■ **Task brief**
What you return must be the lines of the data that hold the word "None".

The data section start

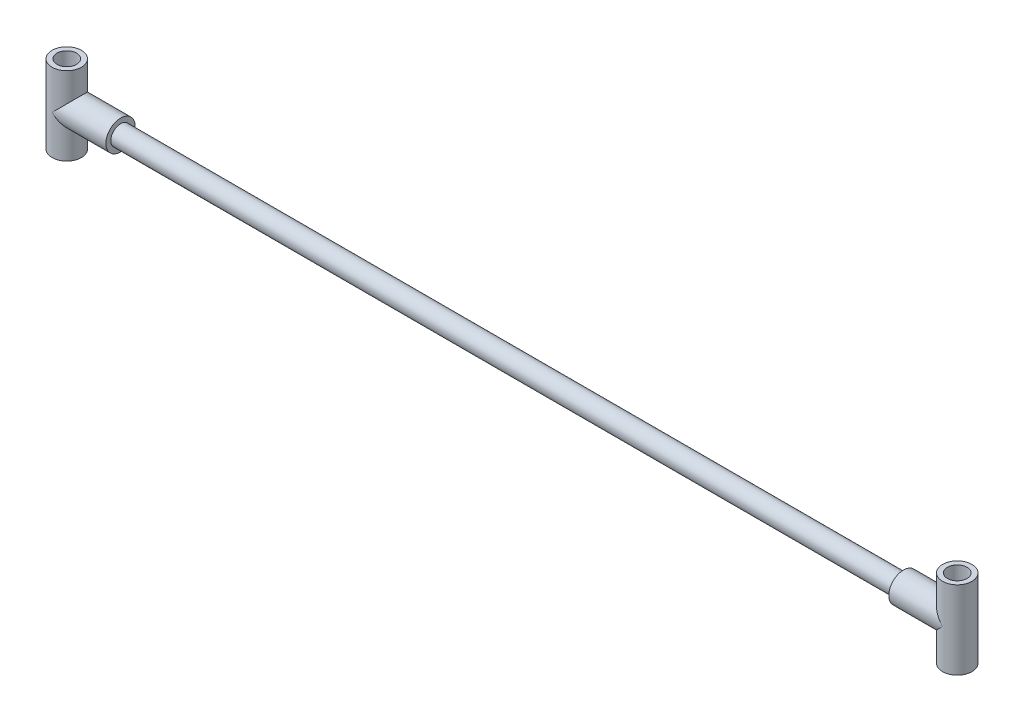
from build123d import *

# Parameters (mm, degrees)
SKETCH1_R             = 5
BOSS_EXTRUDE1_DEPTH   = 200
SKETCH2_R             = 7.5
BOSS_EXTRUDE2_DEPTH   = 20
BOSS_EXTRUDE2_2_DEPTH = 20
SKETCH3_R             = 7.5
BOSS_EXTRUDE3_DEPTH   = 27.5
BOSS_EXTRUDE4_START   = 27.5
SKETCH4_R             = 7.5
BOSS_EXTRUDE4_DEPTH   = 27.5
SKETCH5_R             = 5
CUT_EXTRUDE1_DEPTH    = 239.497903555


with BuildPart() as part:
    # Sketch1 → Boss-Extrude1 (new, symmetric)
    with BuildSketch(Plane(origin=(0, 0, 0), x_dir=(0, 0, -1), z_dir=(1, 0, 0))):
        Circle(SKETCH1_R)
    extrude(amount=BOSS_EXTRUDE1_DEPTH, both=True)



with BuildPart() as body_2:
    # Sketch2 → Boss-Extrude2 (new, symmetric)
    with BuildSketch(Plane(origin=(0, 0, 0), x_dir=(1, 0, 0), z_dir=(0, 1, 0))):
        with Locations(Location((227.5, 0, 0), (0, 0, 270))):
            Circle(SKETCH2_R)
    extrude(amount=BOSS_EXTRUDE2_DEPTH, both=True)


with BuildPart() as body_3:
    # Sketch2 → Boss-Extrude2 2 (new, symmetric)
    with BuildSketch(Plane(origin=(0, 0, 0), x_dir=(1, 0, 0), z_dir=(0, 1, 0))):
        with Locations(Location((-227.5, 0, 0), (0, 0, 90))):
            Circle(SKETCH2_R)
    extrude(amount=BOSS_EXTRUDE2_2_DEPTH, both=True)


with BuildPart() as part_1:
    add(part.part)

    add(body_3.part)  # Boss-Extrude3 merges body 3
    # Sketch3 → Boss-Extrude3 (add)
    with BuildSketch(Plane.ZY.offset(200)):
        Circle(SKETCH3_R)
    extrude(amount=BOSS_EXTRUDE3_DEPTH)


    add(body_2.part)  # Boss-Extrude4 merges body 2
    # Sketch4 → Boss-Extrude4 (add)
    with BuildSketch(Plane(origin=(200, 0, 0), x_dir=(0, 0, -1), z_dir=(1, 0, 0)).offset(BOSS_EXTRUDE4_START)):
        Circle(SKETCH4_R)
    extrude(amount=-BOSS_EXTRUDE4_DEPTH)

    # Sketch5 → Cut-Extrude1 (cut, through all)
    with BuildSketch(Plane(origin=(0, 20, 0), x_dir=(1, 0, 0), z_dir=(0, 1, 0))):
        with Locations(Location((227.5, 0, 0), (0, 0, 270))):
            Circle(SKETCH5_R)
        with Locations(Location((-227.5, 0, 0), (0, 0, 90))):
            Circle(SKETCH5_R)
    extrude(amount=-CUT_EXTRUDE1_DEPTH, mode=Mode.SUBTRACT)


solid = part_1.part
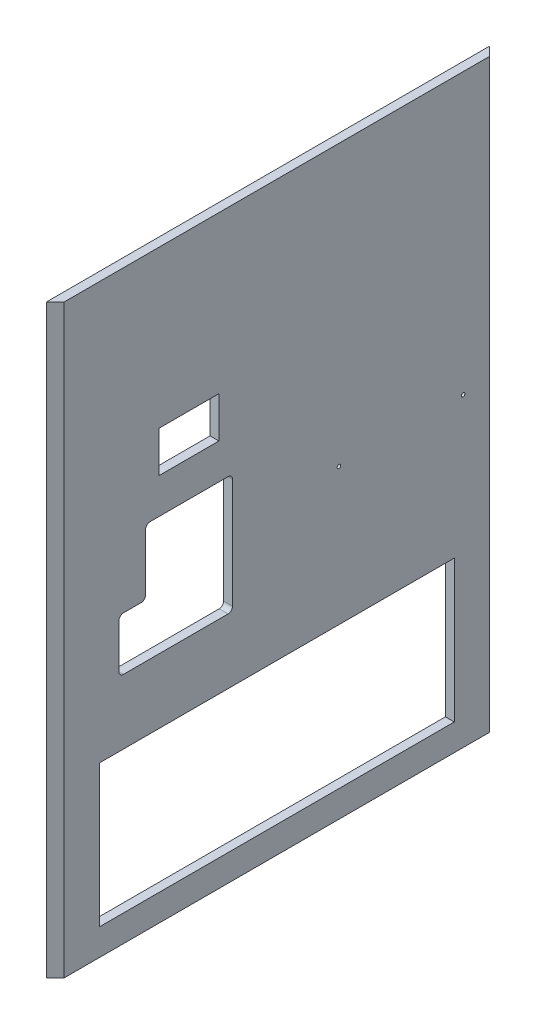
from build123d import *

# Parameters (mm, degrees)
CROQUIS1_W              = 5
CROQUIS1_H              = 250
SALIENTE_EXTRUIR1_DEPTH = 330
CORTAR_EXTRUIR1_REACH   = 416.035
CORTAR_EXTRUIR2_REACH   = 416.035
CROQUIS3_W              = 200
CROQUIS3_H              = 80
CORTAR_EXTRUIR3_DEPTH   = 415.035022673
REDONDEO1_R             = 2.5
CROQUIS5_W              = 33.7
CROQUIS5_H              = 23.1
CORTAR_EXTRUIR4_DEPTH   = 415.035022673
CORTAR_EXTRUIR5_REACH   = 416.035
CROQUIS6_R              = 1


with BuildPart() as part:
    # Croquis1 → Saliente-Extruir1 (new body)
    with BuildSketch(Plane(origin=(0, 0, 0), x_dir=(1, 0, 0), z_dir=(0, 1, 0))):
        with Locations((-2.5, 125)):
            Rectangle(CROQUIS1_W, CROQUIS1_H)
    extrude(amount=SALIENTE_EXTRUIR1_DEPTH)

    # Croquis2 → Cortar-Extruir1 (cut, up to next)
    with BuildSketch(Plane(origin=(0, 330, 0), x_dir=(1, 0, 0), z_dir=(0, 1, 0)), mode=Mode.PRIVATE) as cortar_extruir1_sk1:
        Polygon((0, 250), (0, 245), (-5, 250), align=None)
    cortar_extruir1_tool1 = extrude(cortar_extruir1_sk1.sketch, amount=-CORTAR_EXTRUIR1_REACH, mode=Mode.PRIVATE) & part.part
    # Croquis2 → Cortar-Extruir1 (cut, up to next)
    with BuildSketch(Plane(origin=(0, 330, 0), x_dir=(1, 0, 0), z_dir=(0, 1, 0)), mode=Mode.PRIVATE) as cortar_extruir1_sk2:
        Polygon((-5, 0), (0, 5), (0, 0), align=None)
    cortar_extruir1_tool2 = extrude(cortar_extruir1_sk2.sketch, amount=-CORTAR_EXTRUIR1_REACH, mode=Mode.PRIVATE) & part.part
    add(cortar_extruir1_tool1.solids().sort_by_distance((-1.666667, 330, -248.333333))[0], mode=Mode.SUBTRACT)
    add(cortar_extruir1_tool2.solids().sort_by_distance((-1.666667, 330, -1.666667))[0], mode=Mode.SUBTRACT)

    # Croquis3 → Cortar-Extruir2 (cut, up to next)
    with BuildSketch(Plane.ZY.offset(5), mode=Mode.PRIVATE) as cortar_extruir2_sk1:
        with Locations((-125, 55)):
            Rectangle(CROQUIS3_W, CROQUIS3_H)
    cortar_extruir2_tool1 = extrude(cortar_extruir2_sk1.sketch, amount=-CORTAR_EXTRUIR2_REACH, mode=Mode.PRIVATE) & part.part
    add(cortar_extruir2_tool1.solids().sort_by_distance((-5, 55, -125))[0], mode=Mode.SUBTRACT)

    # Croquis4 → Cortar-Extruir3 (cut, through all)
    with BuildSketch(Plane.ZY.offset(5)):
        Polygon((-100, 198.5), (-100, 131.5), (-51, 131.5), (-36, 131.5), (-36, 161.5), (-51, 161.5), (-51, 198.5), align=None)
    extrude(amount=-CORTAR_EXTRUIR3_DEPTH, mode=Mode.SUBTRACT)

    # Redondeo1
    redondeo1_edges = [part.edges().sort_by_distance(p)[0] for p in [
        (-2.5, 131.5, -100),
        (-2.5, 198.5, -100),
        (-2.5, 198.5, -51),
        (-2.5, 161.5, -51),
        (-2.5, 161.5, -36),
        (-2.5, 131.5, -36),
    ]]
    fillet(redondeo1_edges, radius=REDONDEO1_R)

    # Croquis5 → Cortar-Extruir4 (cut, through all)
    with BuildSketch(Plane.ZY.offset(5)):
        with Locations((-75.5, 230.05)):
            Rectangle(CROQUIS5_W, CROQUIS5_H)
    extrude(amount=-CORTAR_EXTRUIR4_DEPTH, mode=Mode.SUBTRACT)

    # Croquis6 → Cortar-Extruir5 (cut, up to next)
    with BuildSketch(Plane.ZY.offset(5), mode=Mode.PRIVATE) as cortar_extruir5_sk1:
        with Locations((-230, 172.2)):
            Circle(CROQUIS6_R)
    cortar_extruir5_tool1 = extrude(cortar_extruir5_sk1.sketch, amount=-CORTAR_EXTRUIR5_REACH, mode=Mode.PRIVATE) & part.part
    # Croquis6 → Cortar-Extruir5 (cut, up to next)
    with BuildSketch(Plane.ZY.offset(5), mode=Mode.PRIVATE) as cortar_extruir5_sk2:
        with Locations((-160, 172.2)):
            Circle(CROQUIS6_R)
    cortar_extruir5_tool2 = extrude(cortar_extruir5_sk2.sketch, amount=-CORTAR_EXTRUIR5_REACH, mode=Mode.PRIVATE) & part.part
    add(cortar_extruir5_tool1.solids().sort_by_distance((-5, 172.2, -230))[0], mode=Mode.SUBTRACT)
    add(cortar_extruir5_tool2.solids().sort_by_distance((-5, 172.2, -160))[0], mode=Mode.SUBTRACT)


solid = part.part

The data section end

■ **Exercise result**
        Polygon((0, 250), (0, 245), (-5, 250), align=None)
        Polygon((-5, 0), (0, 5), (0, 0), align=None)
        Polygon((-100, 198.5), (-100, 131.5), (-51, 131.5), (-36, 131.5), (-36, 161.5), (-51, 161.5), (-51, 198.5), align=None)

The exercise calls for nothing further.